On our devices we do a lot of active monitoring with ping probes. We have more than 3000 linux hosts that use ping probes for:
- Measuring the availability of our hosts, as seen from our infrastructure ("sang")
- Measuring the performance of VPN tunnels ("tmon")
- Measuring the availability of Internet links ("linkmon")
- Detecting that a link is down for a link failover ("link-failover")
- Choosing a download server for signature updates ("clientha")
Doing ping probes is not trivial, because you usually need to do the probing asynchronously. Instead of reimplementing this every time, we have developed a common component that can take care of executing ping probes and collecting the results. We called it Pingmachine.
It is heavily inspired by Smokeping by Tobi Oetiker, but designed to be used as a monitoring component that runs in the background (whereas Smokeping is a complete application).
The basic idea is that any monitoring component that needs some ping probes, just needs to define "ping orders" by writing YAML-formatted files, and wait for results for that order to appear under that order. It's a very simple API that simplified this part of our monitoring applications greatly.

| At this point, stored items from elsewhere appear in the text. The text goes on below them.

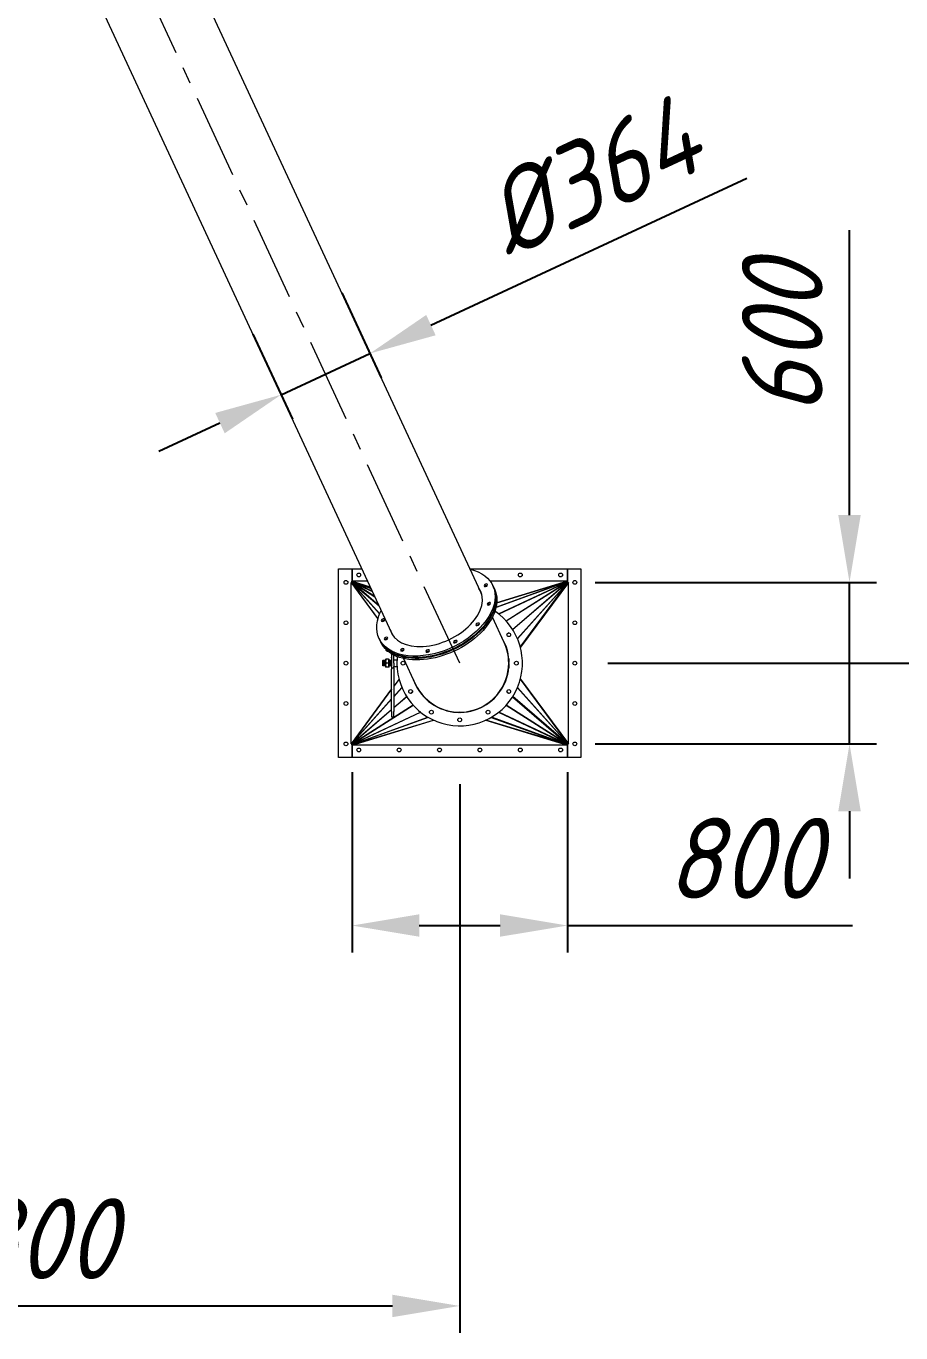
# Model space of a CAD drawing. Header units: inches. Extents: x -350577 to -266477, y -437959 to -377535.
# Drawn here: x -340466 to -337216, y -425663 to -420810 of the extents above; entities that cross this region are included whole.
import ezdxf

# ---------------------------------------------------------------- set-up
doc = ezdxf.new("R2010")
doc.units = ezdxf.units.IN
doc.header["$MEASUREMENT"] = 0
doc.linetypes.add('CENTER', pattern=[2, 1.25, -0.25, 0.25, -0.25])
doc.layers.add('CENTER       (itatec)', color=4, linetype='CENTER', lineweight=9)
doc.layers.add('ORGINAL (itatec)', color=3, linetype='Continuous', lineweight=9)
doc.styles.add('Geniso', font='geniso.shx', dxfattribs={"oblique": 15})
doc.dimstyles.new('scale 1b100', dxfattribs={"dimscale": 100, "dimtxt": 3, "dimasz": 2.5, "dimexe": 1, "dimexo": 1, "dimgap": 1, "dimtad": 1, "dimdec": 0, "dimzin": 0, "dimdsep": 46, "dimtxsty": 'Geniso', "dimcen": 0, "dimclrd": 1, "dimclre": 1, "dimclrt": 7, "dimadec": 0, "dimazin": 0, "dimtfac": 1, "dimtdec": 0, "dimtmove": 0, "dimatfit": 3, "dimfxl": 0.75, "dimtolj": 1, "dimtzin": 0, "dimarcsym": 0})

# ---------------------------------------------------------------- blocks, each defined once
blk = doc.blocks.new('*D39')
at = {"layer": 'Defpoints', "color": 0, "transparency": 16777216}
for p in [(-338855.2, -423525.9), (-342155.6, -423735.9), (-338855.2, -425563.4)]:
    blk.add_point(p, dxfattribs=at)
at = {"layer": 'ORGINAL (itatec)', "color": 1, "lineweight": -2, "transparency": 16777216}
for p, q in [((-338855.2, -423625.9), (-338855.2, -425663.4)), ((-342155.6, -423835.9), (-342155.6, -425663.4)), ((-341905.6, -425563.4), (-339105.2, -425563.4))]:
    blk.add_line(p, q, dxfattribs=at)
at = {"layer": 'ORGINAL (itatec)', "color": 1, "transparency": 16777216}
for points in [[(-341905.6, -425521.7), (-341905.6, -425605), (-342155.6, -425563.4)], [(-339105.2, -425521.7), (-339105.2, -425605), (-338855.2, -425563.4)]]:
    blk.add_solid(points, dxfattribs=at)
at = {"layer": 'ORGINAL (itatec)', "color": 7, "transparency": 16777216, "insert": (-340505.4, -425313.4), "char_height": 300, "attachment_point": 5, "style": 'Geniso'}
blk.add_mtext('\\A1;3300', dxfattribs=at)
blk = doc.blocks.new('*D45')
at = {"layer": 'Defpoints', "color": 0, "transparency": 16777216}
for p in [(-336535.6, -417725.5), (-322653.8, -417725.5), (-338405.2, -423175.9)]:
    blk.add_point(p, dxfattribs=at)
at = {"layer": 'ORGINAL (itatec)', "color": 1, "lineweight": -2, "transparency": 16777216}
for p, q in [((-322753.8, -417725.5), (-336635.6, -417725.5)), ((-336535.6, -422925.9), (-336535.6, -417975.5)), ((-338305.2, -423175.9), (-336435.6, -423175.9))]:
    blk.add_line(p, q, dxfattribs=at)
at = {"layer": 'ORGINAL (itatec)', "color": 1, "transparency": 16777216}
for points in [[(-336577.3, -417975.5), (-336494, -417975.5), (-336535.6, -417725.5)], [(-336577.3, -422925.9), (-336494, -422925.9), (-336535.6, -423175.9)]]:
    blk.add_solid(points, dxfattribs=at)
at = {"layer": 'ORGINAL (itatec)', "color": 7, "transparency": 16777216, "insert": (-336785.6, -420450.7), "char_height": 300, "attachment_point": 5, "rotation": 90, "style": 'Geniso'}
blk.add_mtext('\\A1;5450', dxfattribs=at)
blk = doc.blocks.new('*D72')
at = {"layer": 'Defpoints', "color": 0, "transparency": 16777216}
for p in [(-339335.6, -421709.9), (-339665.7, -421863.2), (-339188.8, -422025.8)]:
    blk.add_point(p, dxfattribs=at)
at = {"layer": 'ORGINAL (itatec)', "color": 1, "lineweight": -2, "transparency": 16777216}
for p, q in [((-338962.1, -421920.5), (-337788.5, -421375.3)), ((-339293.5, -421800.6), (-339146.7, -422116.5)), ((-339623.6, -421953.9), (-339476.8, -422269.9)), ((-339518.9, -422179.2), (-339188.8, -422025.8)), ((-339745.7, -422284.5), (-339972.4, -422389.8))]:
    blk.add_line(p, q, dxfattribs=at)
at = {"layer": 'ORGINAL (itatec)', "color": 1, "transparency": 16777216}
for points in [[(-338979.6, -421882.7), (-338944.5, -421958.3), (-339188.8, -422025.8)], [(-339763.2, -422246.7), (-339728.1, -422322.3), (-339518.9, -422179.2)]]:
    blk.add_solid(points, dxfattribs=at)
at = {"layer": 'ORGINAL (itatec)', "color": 7, "transparency": 16777216, "insert": (-338367.3, -421368.5), "char_height": 300, "attachment_point": 5, "rotation": 24.9181, "style": 'Geniso'}
blk.add_mtext('\\A1;%%C364', dxfattribs=at)
blk = doc.blocks.new('*D75')
at = {"layer": 'Defpoints', "color": 0, "transparency": 16777216}
for p in [(-339255.2, -423480.3), (-338455.2, -423480.3), (-338455.2, -424150.5)]:
    blk.add_point(p, dxfattribs=at)
at = {"layer": 'ORGINAL (itatec)', "color": 1, "lineweight": -2, "transparency": 16777216}
for p, q in [((-339255.2, -423580.3), (-339255.2, -424250.5)), ((-338455.2, -423580.3), (-338455.2, -424250.5)), ((-339005.2, -424150.5), (-338705.2, -424150.5)), ((-338455.2, -424150.5), (-337396.7, -424150.5))]:
    blk.add_line(p, q, dxfattribs=at)
at = {"layer": 'ORGINAL (itatec)', "color": 1, "transparency": 16777216}
for points in [[(-339005.2, -424108.8), (-339005.2, -424192.1), (-339255.2, -424150.5)], [(-338705.2, -424108.8), (-338705.2, -424192.1), (-338455.2, -424150.5)]]:
    blk.add_solid(points, dxfattribs=at)
at = {"layer": 'ORGINAL (itatec)', "color": 7, "transparency": 16777216, "insert": (-337800.9, -423900.5), "char_height": 300, "attachment_point": 5, "style": 'Geniso'}
blk.add_mtext('\\A1;800', dxfattribs=at)
blk = doc.blocks.new('*D76')
at = {"layer": 'Defpoints', "color": 0, "transparency": 16777216}
for p in [(-338451.6, -422875.9), (-337407.2, -422875.9), (-338451.6, -423475.9)]:
    blk.add_point(p, dxfattribs=at)
at = {"layer": 'ORGINAL (itatec)', "color": 1, "lineweight": -2, "transparency": 16777216}
for p, q in [((-337407.2, -422625.9), (-337407.2, -421567.3)), ((-338351.6, -422875.9), (-337307.2, -422875.9)), ((-337407.2, -423475.9), (-337407.2, -422875.9)), ((-338351.6, -423475.9), (-337307.2, -423475.9)), ((-337407.2, -423725.9), (-337407.2, -423975.9))]:
    blk.add_line(p, q, dxfattribs=at)
at = {"layer": 'ORGINAL (itatec)', "color": 1, "transparency": 16777216}
for points in [[(-337448.9, -422625.9), (-337365.5, -422625.9), (-337407.2, -422875.9)], [(-337448.9, -423725.9), (-337365.5, -423725.9), (-337407.2, -423475.9)]]:
    blk.add_solid(points, dxfattribs=at)
at = {"layer": 'ORGINAL (itatec)', "color": 7, "transparency": 16777216, "insert": (-337657.2, -421971.6), "char_height": 300, "attachment_point": 5, "rotation": 90, "style": 'Geniso'}
blk.add_mtext('\\A1;600', dxfattribs=at)

msp = doc.modelspace()

# ---------------------------------------------------------------- linework, layer by layer
at = {"layer": 'CENTER       (itatec)', "ltscale": 250}
msp.add_lwpolyline([(-338855.2, -423175.9), (-340280.7, -420107.5, -0.113492), (-340315, -419945.8), (-340242.9, -416616.3)], format="xyb", dxfattribs=at)
at = {"layer": 'ORGINAL (itatec)'}
for p, q in [((-338777.2, -422911.8), (-340077.5, -420112.9)), ((-339107.3, -423065.2), (-340407.6, -420266.3)), ((-339305.2, -422825.9), (-339255.2, -422825.9)), ((-339305.2, -423525.9), (-339305.2, -422825.9)), ((-339255.2, -422825.9), (-339255.2, -422871.4)), ((-339255.2, -422825.9), (-339218.5, -422825.9)), ((-339255.2, -422871.4), (-339255.2, -422825.9)), ((-338817.1, -422825.9), (-338455.2, -422825.9)), ((-338455.2, -422825.9), (-338405.2, -422825.9)), ((-338455.2, -422871.4), (-338455.2, -422825.9)), ((-338455.2, -422825.9), (-338455.2, -422871.4)), ((-338405.2, -422825.9), (-338405.2, -423525.9)), ((-339258.2, -422875.9), (-339258.8, -422875.9)), ((-339258.8, -422875.9), (-339158.9, -423010.9)), ((-339258.8, -423475.9), (-339258.8, -422875.9)), ((-339257.2, -422875.6), (-339258.5, -422875.4)), ((-339258.5, -422875.4), (-339152.8, -422993.2)), ((-339158.7, -423010.3), (-339258.5, -422875.4)), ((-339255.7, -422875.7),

Having a single component taking care of the probing, also makes sure that we can better control what probing is being done. Also, it makes probing issues easier to debug. There is a "pingmachine-status" command-line program that reports all ping orders that are currently active, along with their results.
Most of the probing is executed by fping, whose maintenance is also sponsored by Open Systems. Other probes can be easily defined to implement measurements not based on ICMP ECHO, but on anything else (SSH connections, for example, or HTTP requests).
Pingmachine is self-contained and doesn't depend on any other software written by us. We have published it on Github: https://github.com/open-ch/pingmachine/